ということで、まずはマルスタインの口から会談の内容が語られたわけであるが――その時点で、ダカルマス殿下は顔を真っ赤にしながら怒っているような顔で笑いだした。
「なるほどなるほど! やはり、そういった話でありましたか! しかし、料理番としての力量は二の次でアスタ殿の身柄を欲するなどとは、まったく気が知れませんな!」
「ダカルマス殿下、そういったお言葉もつつしむべきかと。……こちらには、東の御方もいらっしゃいますので」
ロブロスは厳しい表情でダカルマス殿下をたしなめつつ、横目でゲルドの団長のほうをうかがった。東の民の前で東の王族を悪しざまに言うことは、やはりつつしむべきであるのだろう。
「それにしても、『星無き民』としてのアスタの身柄を欲するとはねぇ。これはなかなか、常軌を逸した話なのではないでしょうか?」
と、カミュア=ヨシュはすました笑顔でフェルメスのほうを見やった。
実のところ、こちらの両者はニアミスばかりでほとんど口をきいたこともないはずだ。おたがいにおたがいを特別な存在であると認識しながら、あまり近づくべきではないと判じた結果である。しかしフェルメスもすっかり復調した様子で、「ええ」と優美な微笑を返した。
「言うまでもなく、『星無き民』というのは市井の伝承や御伽噺の中で語り継がれてきた存在です。シムの王子という立場であられるポワディーノ殿下がそのようなものに頓着するというのは、本来許されざるべき行いでしょうね」
「……わたしなどは、アスタにまつわる報告書の他に『星無き民』という名を目にした覚えもございません。それはいったい、如何なる存在なのでしょうかな?」
オーグが誰よりも厳格な面持ちでそう告げると、アラウトも同意を示すようにうなずいた。『星無き民』とは、本来それぐらい歴史の裏側に隠れた存在であるはずなのだ。少なくとも、俺の知る西の民の中で『星無き民』の存在をわきまえていたのは――学徒としてシムの文化を研究していたというフェルメスに、自らの足で大陸中を駆け巡っているカミュア=ヨシュやティカトラス、あとはせいぜい《ギャムレイの一座》ぐらいしか思い当たらなかった。

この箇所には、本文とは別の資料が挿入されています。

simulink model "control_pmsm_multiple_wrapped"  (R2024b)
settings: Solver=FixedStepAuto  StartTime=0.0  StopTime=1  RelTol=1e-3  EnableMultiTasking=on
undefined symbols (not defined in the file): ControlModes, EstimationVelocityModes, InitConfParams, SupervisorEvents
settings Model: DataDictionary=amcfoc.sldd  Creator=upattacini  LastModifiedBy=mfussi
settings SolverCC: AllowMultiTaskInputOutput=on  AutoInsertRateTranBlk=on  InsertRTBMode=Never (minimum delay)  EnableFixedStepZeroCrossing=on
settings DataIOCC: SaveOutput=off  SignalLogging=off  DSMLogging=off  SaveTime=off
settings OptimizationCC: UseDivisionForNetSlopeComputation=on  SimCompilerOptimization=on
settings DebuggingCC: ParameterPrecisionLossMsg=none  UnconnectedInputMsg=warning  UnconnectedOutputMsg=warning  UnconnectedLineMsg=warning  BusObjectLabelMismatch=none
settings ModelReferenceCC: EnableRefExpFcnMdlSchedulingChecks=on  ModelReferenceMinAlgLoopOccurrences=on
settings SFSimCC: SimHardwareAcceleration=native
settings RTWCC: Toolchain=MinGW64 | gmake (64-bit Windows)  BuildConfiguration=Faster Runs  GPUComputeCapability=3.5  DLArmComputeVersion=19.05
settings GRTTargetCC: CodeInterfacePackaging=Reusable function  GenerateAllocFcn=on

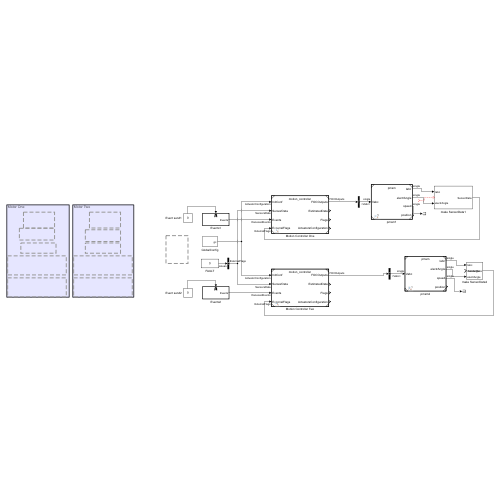
[thumbnail: Simulink's stored preview of the top-level diagram]
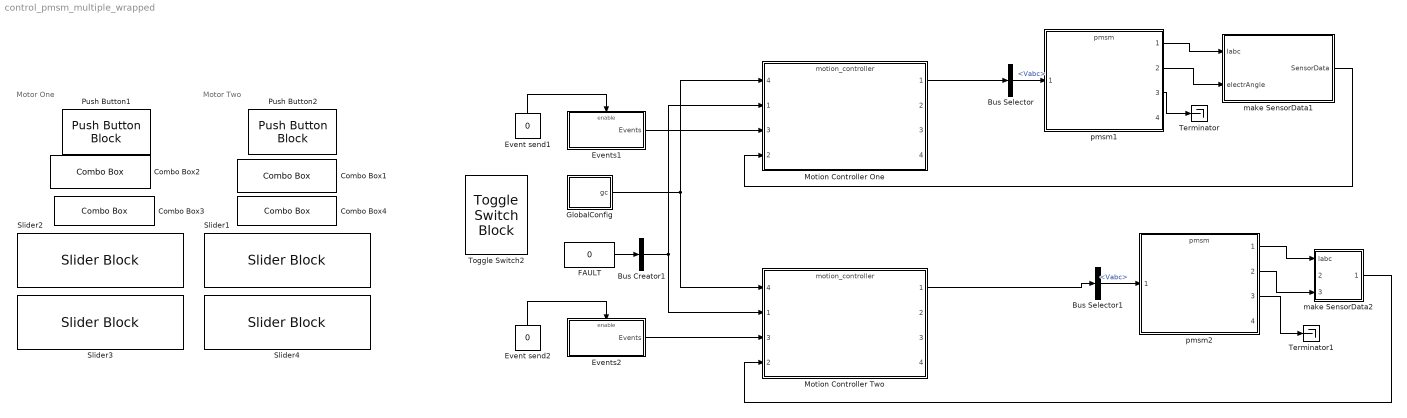
== system control_pmsm_multiple_wrapped ==
  note: Motor One
  note: Motor Two
  Bus Creator1 : BusCreator  Inputs=1  OutDataTypeStr=Bus: ExternalFlags  NonVirtualBus=on
      settings: InheritFromInputs=off
  Bus Selector : BusSelector  OutputSignals=Vabc
  Bus Selector1 : BusSelector  OutputSignals=Vabc
  Combo Box1 : ComboBox  SelectedLabel=None  UseEnumeratedDataType=on  EnumeratedDataType=SupervisorEvents
      settings: Values={{'None', 'SetLimit', 'SetControlMode', 'SetMotorConfig', 'SetPid', 'SetTarget'}, [0 1 2 5 3 4]}
  Combo Box2 : ComboBox  SelectedLabel=None  UseEnumeratedDataType=on  EnumeratedDataType=SupervisorEvents
      settings: Values={{'None', 'SetLimit', 'SetControlMode', 'SetMotorConfig', 'SetPid', 'SetTarget'}, [0 1 2 5 3 4]}
  Combo Box3 : ComboBox  SelectedLabel=Current  UseEnumeratedDataType=on  EnumeratedDataType=ControlModes
      settings: Values={{'NotConfigured', 'Idle', 'Position', 'PositionDirect', 'Current', 'Velocity', 'Voltage', 'Torque', 'HwFaultCM'}, [0 1 2 3 4 5 6 7 8]}
  Combo Box4 : ComboBox  SelectedLabel=Current  UseEnumeratedDataType=on  EnumeratedDataType=ControlModes
      settings: Values={{'NotConfigured', 'Idle', 'Position', 'PositionDirect', 'Current', 'Velocity', 'Voltage', 'Torque', 'HwFaultCM'}, [0 1 2 3 4 5 6 7 8]}
  Event send1 : Constant  Value=0
  Event send2 : Constant  Value=0
  Events1 : Subsystem
  Events2 : Subsystem
  FAULT : Constant  Value=0  OutDataTypeStr=Inherit: Inherit via back propagation
  GlobalConfig : Subsystem
  Motion Controller One : ModelReference  ModelNameDialog=motion_controller.slx  SimulationMode=Normal  ModelReferenceVersion=4.0
      settings: PortSchema="{\"entries\":[{\"content\":{\"sides\":[{\"content\":{\"connectorIds\":[\"In4\",\"In1\",\"In3\",\"In2\"]},\"type\":\"ConnectorPlacement.EquallySpacedRectSide\",\"uuid\":\"9501764e-0215-4e66-aa8b-5739ba26e582\"},{\"content\":{\"connectorIds\":[\"Out1\",\"Out2\",\"Out3\",\"Out4\"],\"side\":\"RIGHT\"},\"type\":\"ConnectorPlacement.EquallySpacedRectSide\",\"uuid\":\"34be47de-e9bc-43ca-97ac-58a43ba9eb9a\"},{\"content\":{\"side\":\"TOP\"},\"type\":\"ConnectorPlacement.EquallySpacedRectSide\",\"uuid\":\"71d421f6-ab26-4482-875c-bb9e44468ca7\"}]},\"type\":\"ConnectorPlacement.EquallySpacedConnector\",\"uuid\":\"be89792d-26da-4e9c-8783-03826ec72805\"}],\"packageUris\":[\"http://schema.mathworks.com/mf0/Connector/R2020b\"],\"version\":\"1.0\"}"
  Motion Controller Two : ModelReference  ModelNameDialog=motion_controller.slx  SimulationMode=Normal  ModelReferenceVersion=4.0
      settings: PortSchema="{\"entries\":[{\"content\":{\"sides\":[{\"content\":{\"connectorIds\":[\"In4\",\"In1\",\"In3\",\"In2\"]},\"type\":\"ConnectorPlacement.EquallySpacedRectSide\",\"uuid\":\"9501764e-0215-4e66-aa8b-5739ba26e582\"},{\"content\":{\"connectorIds\":[\"Out1\",\"Out2\",\"Out3\",\"Out4\"],\"side\":\"RIGHT\"},\"type\":\"ConnectorPlacement.EquallySpacedRectSide\",\"uuid\":\"34be47de-e9bc-43ca-97ac-58a43ba9eb9a\"},{\"content\":{\"side\":\"TOP\"},\"type\":\"ConnectorPlacement.EquallySpacedRectSide\",\"uuid\":\"71d421f6-ab26-4482-875c-bb9e44468ca7\"}]},\"type\":\"ConnectorPlacement.EquallySpacedConnector\",\"uuid\":\"be89792d-26da-4e9c-8783-03826ec72805\"}],\"packageUris\":[\"http://schema.mathworks.com/mf0/Connector/R2020b\"],\"version\":\"1.0\"}"
  Push Button1 : PushButtonBlock  LabelPosition=Top  OffValue=0.000000
  Push Button2 : PushButtonBlock  LabelPosition=Top  OffValue=0.000000
  Slider1 : SliderBlock  ScaleMax=1
  Slider2 : SliderBlock  ScaleMax=1
  Slider3 : SliderBlock  ScaleMax=0.36
  Slider4 : SliderBlock  ScaleMax=0.36
  Terminator : Terminator
  Terminator1 : Terminator
  Toggle Switch2 : ToggleSwitchBlock
      settings: Values={{'Off', 'On'}, [0 1]}
  make SensorData1 : Subsystem
  make SensorData2 : Subsystem
  pmsm1 : ModelReference  ModelNameDialog=pmsm.slx  SimulationMode=Normal  ModelReferenceVersion=9.5
  pmsm2 : ModelReference  ModelNameDialog=pmsm.slx  SimulationMode=Normal  ModelReferenceVersion=9.5
  wires:
  Event send1/1 -> Events1/Enable
  FAULT/1 -> Bus Creator1/1
  pmsm1/1 -> make SensorData1/1(Iabc)
  ? -> ?
  pmsm1/2 -> make SensorData1/2(electrAngle)
  pmsm2/1 -> make SensorData2/1(Iabc)
  pmsm2/2 -> make SensorData2/3(electrAngle)
  pmsm1/3 -> Terminator/1
  pmsm2/3 -> Terminator1/1
  Event send2/1 -> Events2/Enable
  Motion Controller One/1 -> Bus Selector/1
  Bus Selector/1 -> pmsm1/1  "<Vabc>"
  Motion Controller Two/1 -> Bus Selector1/1
  Bus Selector1/1 -> pmsm2/1  "<Vabc>"
  GlobalConfig/1(gc) -> Motion Controller One/4, Motion Controller Two/4
  Bus Creator1/1 -> Motion Controller One/1, Motion Controller Two/1
  Events1/1(Events) -> Motion Controller One/3
  make SensorData2/1(SensorData) -> Motion Controller Two/2
  Events2/1(Events) -> Motion Controller Two/3
  make SensorData1/1(SensorData) -> Motion Controller One/2

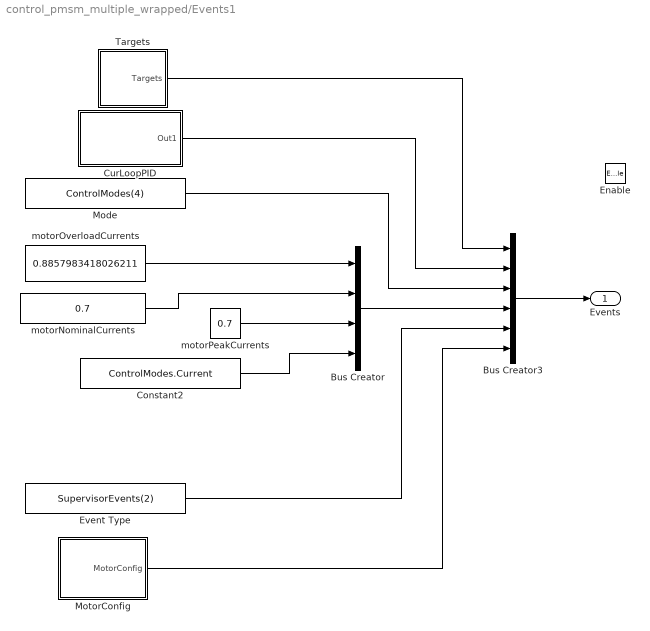
== system control_pmsm_multiple_wrapped/Events1 ==
  Enable : EnablePort
  Bus Creator : BusCreator  Inputs=4  OutDataTypeStr=Bus: SupervisorInputLimits
  Bus Creator3 : BusCreator  Inputs=6  OutDataTypeStr=Bus: SupervisorReceivedEvents  NonVirtualBus=on
      settings: InheritFromInputs=off
  Constant2 : Constant  Value=ControlModes.Current  OutDataTypeStr=Enum: ControlModes
  CurLoopPID : Subsystem  mask{OutMax=0, OutMin=0, P=2, I=500, D=0, N=10, I0=0, D0=0, shift_factor=0}
      mask prompts: shift_factor "Shift Factor"
  Event Type : Constant  Value=SupervisorEvents(2)  OutDataTypeStr=Enum: SupervisorEvents
  Mode : Constant  Value=ControlModes(4)  OutDataTypeStr=Enum: ControlModes
  MotorConfig : Subsystem  mask{has_hall_sens=InitConfParams(1).motor.has_hall_sens, has_quadrature_encoder=InitConfParams(1).motor.has_quadrature_encoder, has_speed_quadrature_encoder=InitConfParams(1).motor.has_speed_quadrature_encoder, has_torque_sens=InitConfParams(1).motor.has_torque_sens, use_index=InitConfParams(1).motor.use_index, enable_verbosity=InitConfParams(1).motor.enable_verbosity, rotor_encoder_resolution=InitConfParams(1).motor.rotor_encoder_resolution, rotor_index_offset=InitConfParams(1).motor.rotor_index_offset, encoder_tolerance=InitConfParams(1).motor.encoder_tolerance, pole_pairs=InitConfParams(1).motor.pole_pairs, reduction=100, Kbemf=InitConfParams(1).motor.Kbemf, Rphase=InitConfParams(1).motor.Rphase, Imin=InitConfParams(1).motor.Imin, Imax=InitConfParams(1).motor.Imax, Vcc=InitConfParams(1).motor.Vcc, Vmax=InitConfParams(1).motor.Vmax, R=InitConfParams(1).motor.resistance, L=InitConfParams(1).motor.inductance, Rt=InitConfParams(1).motor.thermal_resistance, tau=InitConfParams(1).motor.thermal_time_constant}
      mask prompts: R "Motor Resistance"; L "Motor Inductance"; Rt "Thermal Resistance"; tau "Thermal Time Constant"
  Targets : Subsystem
  motorNominalCurrents : Constant  Value=0.7  OutDataTypeStr=single
  motorOverloadCurrents : Constant  Value=0.8857983418026211  OutDataTypeStr=single
  motorPeakCurrents : Constant  Value=0.7  OutDataTypeStr=single
  Events : Outport
  wires:
  Bus Creator/1 -> Bus Creator3/4
  MotorConfig/1(MotorConfig) -> Bus Creator3/6
  Mode/1 -> Bus Creator3/3
  Targets/1(Targets) -> Bus Creator3/1
  Event Type/1 -> Bus Creator3/5
  CurLoopPID/1(Out1) -> Bus Creator3/2
  motorPeakCurrents/1 -> Bus Creator/3
  Constant2/1 -> Bus Creator/4
  motorOverloadCurrents/1 -> Bus Creator/1
  motorNominalCurrents/1 -> Bus Creator/2
  Bus Creator3/1 -> Events/1

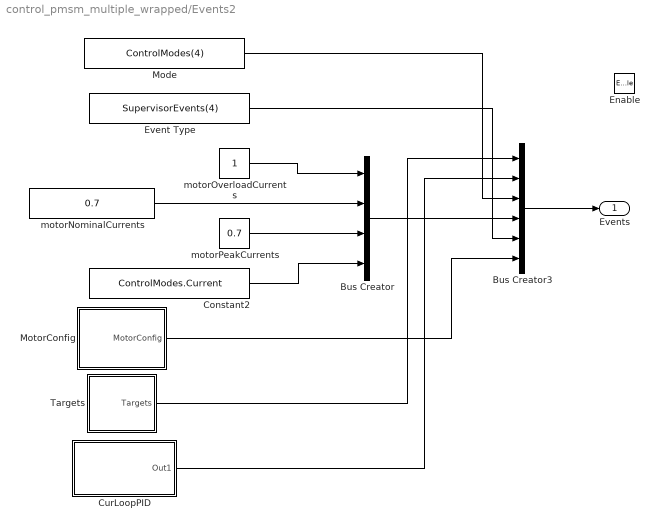
== system control_pmsm_multiple_wrapped/Events2 ==
  Enable : EnablePort
  Bus Creator : BusCreator  Inputs=4  OutDataTypeStr=Bus: SupervisorInputLimits
  Bus Creator3 : BusCreator  Inputs=6  OutDataTypeStr=Bus: SupervisorReceivedEvents  NonVirtualBus=on
      settings: InheritFromInputs=off
  Constant2 : Constant  Value=ControlModes.Current  OutDataTypeStr=Enum: ControlModes
  CurLoopPID : Subsystem  mask{OutMax=0, OutMin=0, P=2, I=500, D=0, N=10, I0=0, D0=0, shift_factor=0}
      mask prompts: shift_factor "Shift Factor"
  Event Type : Constant  Value=SupervisorEvents(4)  OutDataTypeStr=Enum: SupervisorEvents
  Mode : Constant  Value=ControlModes(4)  OutDataTypeStr=Enum: ControlModes
  MotorConfig : Subsystem  mask{has_hall_sens=InitConfParams(2).motor.has_hall_sens, has_quadrature_encoder=InitConfParams(2).motor.has_quadrature_encoder, has_speed_quadrature_encoder=InitConfParams(2).motor.has_speed_quadrature_encoder, has_torque_sens=InitConfParams(2).motor.has_torque_sens, use_index=InitConfParams(2).motor.use_index, enable_verbosity=InitConfParams(2).motor.enable_verbosity, rotor_encoder_resolution=InitConfParams(2).motor.rotor_encoder_resolution, rotor_index_offset=InitConfParams(2).motor.rotor_index_offset, encoder_tolerance=InitConfParams(2).motor.encoder_tolerance, pole_pairs=InitConfParams(2).motor.pole_pairs, reduction=100, Kbemf=InitConfParams(2).motor.Kbemf, Rphase=InitConfParams(2).motor.Rphase, Imin=InitConfParams(2).motor.Imin, Imax=InitConfParams(2).motor.Imax, Vcc=InitConfParams(2).motor.Vcc, Vmax=InitConfParams(2).motor.Vmax, R=InitConfParams(2).motor.resistance, L=InitConfParams(2).motor.inductance, Rt=InitConfParams(2).motor.thermal_resistance, tau=InitConfParams(2).motor.thermal_time_constant}
      mask prompts: R "Motor Resistance"; L "Motor Inductance"; Rt "Thermal Resistance"; tau "Thermal Time Constant"
  Targets : Subsystem
  motorNominalCurrents : Constant  Value=0.7  OutDataTypeStr=single
  motorOverloadCurrents : Constant  OutDataTypeStr=single
  motorPeakCurrents : Constant  Value=0.7  OutDataTypeStr=single
  Events : Outport
  wires:
  Bus Creator/1 -> Bus Creator3/4
  MotorConfig/1(MotorConfig) -> Bus Creator3/6
  Mode/1 -> Bus Creator3/3
  Targets/1(Targets) -> Bus Creator3/1
  Event Type/1 -> Bus Creator3/5
  CurLoopPID/1(Out1) -> Bus Creator3/2
  motorPeakCurrents/1 -> Bus Creator/3
  Constant2/1 -> Bus Creator/4
  motorOverloadCurrents/1 -> Bus Creator/1
  motorNominalCurrents/1 -> Bus Creator/2
  Bus Creator3/1 -> Events/1

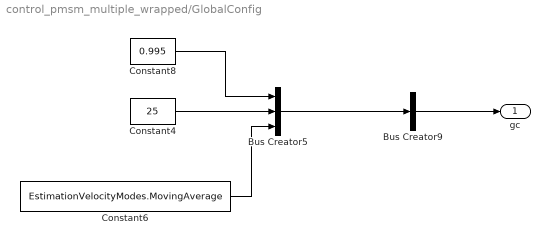
== system control_pmsm_multiple_wrapped/GlobalConfig ==
  Bus Creator5 : BusCreator  Inputs=3  OutDataTypeStr=Bus: EstimationConfiguration  NonVirtualBus=on
      settings: InheritFromInputs=off
  Bus Creator9 : BusCreator  Inputs=1  OutDataTypeStr=Bus: GlobalConfiguration  NonVirtualBus=on
      settings: InheritFromInputs=off
  Constant4 : Constant  Value=25  OutDataTypeStr=single
  Constant6 : Constant  Value=EstimationVelocityModes.MovingAverage  OutDataTypeStr=Enum: EstimationVelocityModes
  Constant8 : Constant  Value=0.995  OutDataTypeStr=single
  gc : Outport
  wires:
  Bus Creator9/1 -> gc/1
  Constant8/1 -> Bus Creator5/1
  Bus Creator5/1 -> Bus Creator9/1
  Constant4/1 -> Bus Creator5/2
  Constant6/1 -> Bus Creator5/3

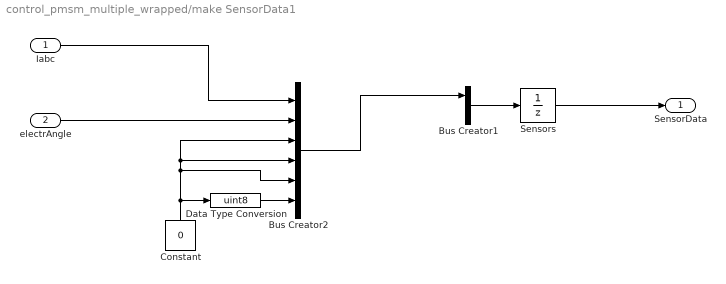
== system control_pmsm_multiple_wrapped/make SensorData1 ==
  Iabc : Inport
  electrAngle : Inport  Port=2
  Bus Creator1 : BusCreator  Inputs=2  OutDataTypeStr=Bus: SensorsData  NonVirtualBus=on
      settings: InheritFromInputs=off
  Bus Creator2 : BusCreator  Inputs=6  OutDataTypeStr=Bus: MotorSensors  NonVirtualBus=on
      settings: InheritFromInputs=off
  Constant : Constant  Value=0  OutDataTypeStr=single
  Data Type Conversion : DataTypeConversion  OutDataTypeStr=uint8  SaturateOnIntegerOverflow=off  RndMeth=Floor
  Sensors : UnitDelay  SampleTime=-1  HasFrameUpgradeWarning=on
  SensorData : Outport
  wires:
  Sensors/1 -> SensorData/1
  Constant/1 -> Bus Creator2/5, Bus Creator2/4, Bus Creator2/3, Data Type Conversion/1
  Iabc/1 -> Bus Creator2/1
  Bus Creator1/1 -> Sensors/1
  electrAngle/1 -> Bus Creator2/2
  Bus Creator2/1 -> Bus Creator1/1
  Data Type Conversion/1 -> Bus Creator2/6

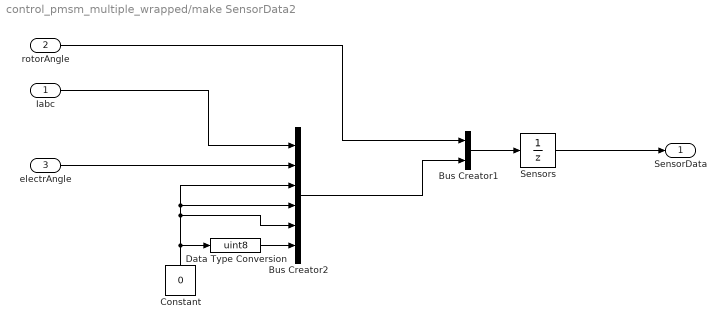
== system control_pmsm_multiple_wrapped/make SensorData2 ==
  Iabc : Inport
  rotorAngle : Inport  Port=2
  electrAngle : Inport  Port=3
  Bus Creator1 : BusCreator  Inputs=2  OutDataTypeStr=Bus: SensorsData  NonVirtualBus=on
      settings: InheritFromInputs=off
  Bus Creator2 : BusCreator  Inputs=6  OutDataTypeStr=Bus: MotorSensors  NonVirtualBus=on
      settings: InheritFromInputs=off
  Constant : Constant  Value=0  OutDataTypeStr=single
  Data Type Conversion : DataTypeConversion  OutDataTypeStr=uint8  SaturateOnIntegerOverflow=off  RndMeth=Floor
  Sensors : UnitDelay  SampleTime=-1  HasFrameUpgradeWarning=on
  SensorData : Outport
  wires:
  Sensors/1 -> SensorData/1
  Constant/1 -> Bus Creator2/5, Bus Creator2/4, Bus Creator2/3, Data Type Conversion/1
  Iabc/1 -> Bus Creator2/1
  rotorAngle/1 -> Bus Creator1/1
  Bus Creator1/1 -> Sensors/1
  electrAngle/1 -> Bus Creator2/2
  Bus Creator2/1 -> Bus Creator1/2
  Data Type Conversion/1 -> Bus Creator2/6

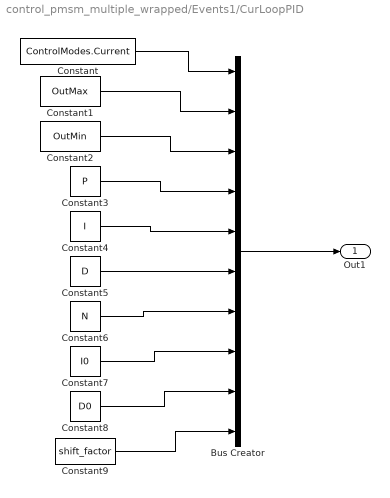
== system control_pmsm_multiple_wrapped/Events1/CurLoopPID ==
  Bus Creator : BusCreator  Inputs=10  OutDataTypeStr=Bus: PID
  Constant : Constant  Value=ControlModes.Current
  Constant1 : Constant  Value=OutMax  OutDataTypeStr=single
  Constant2 : Constant  Value=OutMin  OutDataTypeStr=single
  Constant3 : Constant  Value=P  OutDataTypeStr=single
  Constant4 : Constant  Value=I  OutDataTypeStr=single
  Constant5 : Constant  Value=D  OutDataTypeStr=single
  Constant6 : Constant  Value=N  OutDataTypeStr=single
  Constant7 : Constant  Value=I0  OutDataTypeStr=single
  Constant8 : Constant  Value=D0  OutDataTypeStr=single
  Constant9 : Constant  Value=shift_factor  OutDataTypeStr=uint8
  Out1 : Outport  OutDataTypeStr=Bus: PID
  wires:
  Bus Creator/1 -> Out1/1
  Constant8/1 -> Bus Creator/9
  Constant3/1 -> Bus Creator/4
  Constant5/1 -> Bus Creator/6
  Constant1/1 -> Bus Creator/2
  Constant7/1 -> Bus Creator/8
  Constant2/1 -> Bus Creator/3
  Constant9/1 -> Bus Creator/10
  Constant4/1 -> Bus Creator/5
  Constant/1 -> Bus Creator/1
  Constant6/1 -> Bus Creator/7

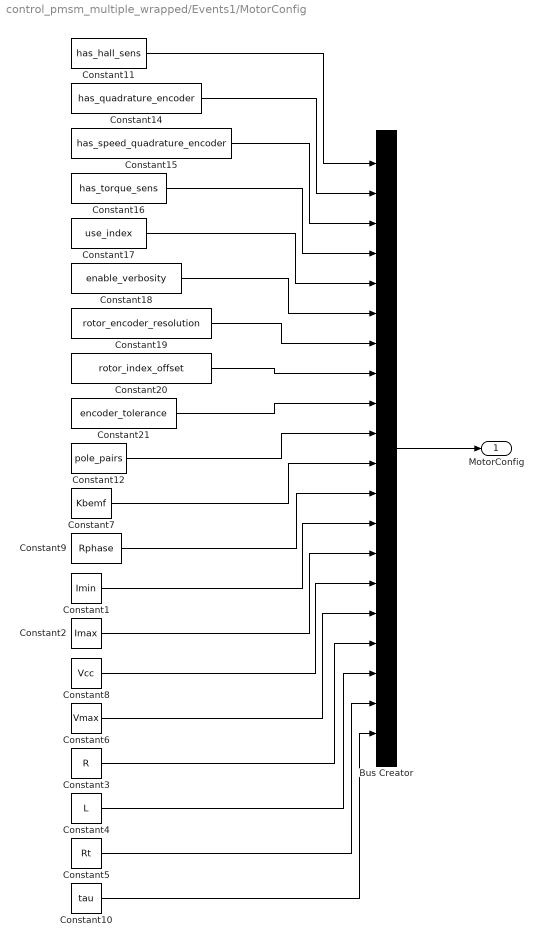
== system control_pmsm_multiple_wrapped/Events1/MotorConfig ==
  Bus Creator : BusCreator  Inputs=20  OutDataTypeStr=Bus: MotorConfiguration  NonVirtualBus=on
      settings: InheritFromInputs=off
  Constant1 : Constant  Value=Imin  OutDataTypeStr=single
  Constant10 : Constant  Value=tau  OutDataTypeStr=single
  Constant11 : Constant  Value=has_hall_sens  OutDataTypeStr=boolean
  Constant12 : Constant  Value=pole_pairs  OutDataTypeStr=uint8
  Constant14 : Constant  Value=has_quadrature_encoder  OutDataTypeStr=boolean
  Constant15 : Constant  Value=has_speed_quadrature_encoder  OutDataTypeStr=boolean
  Constant16 : Constant  Value=has_torque_sens  OutDataTypeStr=boolean
  Constant17 : Constant  Value=use_index  OutDataTypeStr=boolean
  Constant18 : Constant  Value=enable_verbosity  OutDataTypeStr=boolean
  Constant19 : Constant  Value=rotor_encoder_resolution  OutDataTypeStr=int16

「それはポワディーノ殿下が会談の場でお話ししていたように、王国に繁栄をもたらすとされている伝説の存在です。大陸アムスホルンの外で生まれた人間が、四大王国の文明を補強するという……つまりは、建国の聖人になぞらえているわけですね」
「建国の聖人? 聖アレシュのような? それは……あまりに現実離れしている上に、不遜きわまりない話でありますな」
「ええ、まったくです。カイロス陛下がお耳にされたら、怒髪天を衝くか……あるいは、なんと馬鹿げた話だと呆れ果てることでしょう。それは建国の聖人を貶めると同時に、空を舞う妖精の姿を見たと言うのと同様の言葉であるのです」
その伝承が真実であると信ずる身でありながら、フェルメスはそのように言葉を重ねる。そしてそのヘーゼルアイが、ゲルドの団長のほうを見た。
「そこでおうかがいしたいのは、シムの王都の情勢についてです。ポワディーノ殿下がこのような話でジェノスを訪れるというのは、あまりに不可解であるかと思われますが……これはいったい、どういったわけなのでしょう?」
「……前提。ゲルド、ラオリム、遠方である。我々、多く、わきまえていない」
アルヴァッハたちほど西の言葉が流暢でない団長は、まずそのような前口上を述べた。外見は、アルヴァッハに負けないぐらい巨体で、迫力のある御仁である。ゲルドの使節団の団員は、全員が手練れの武官であるのだ。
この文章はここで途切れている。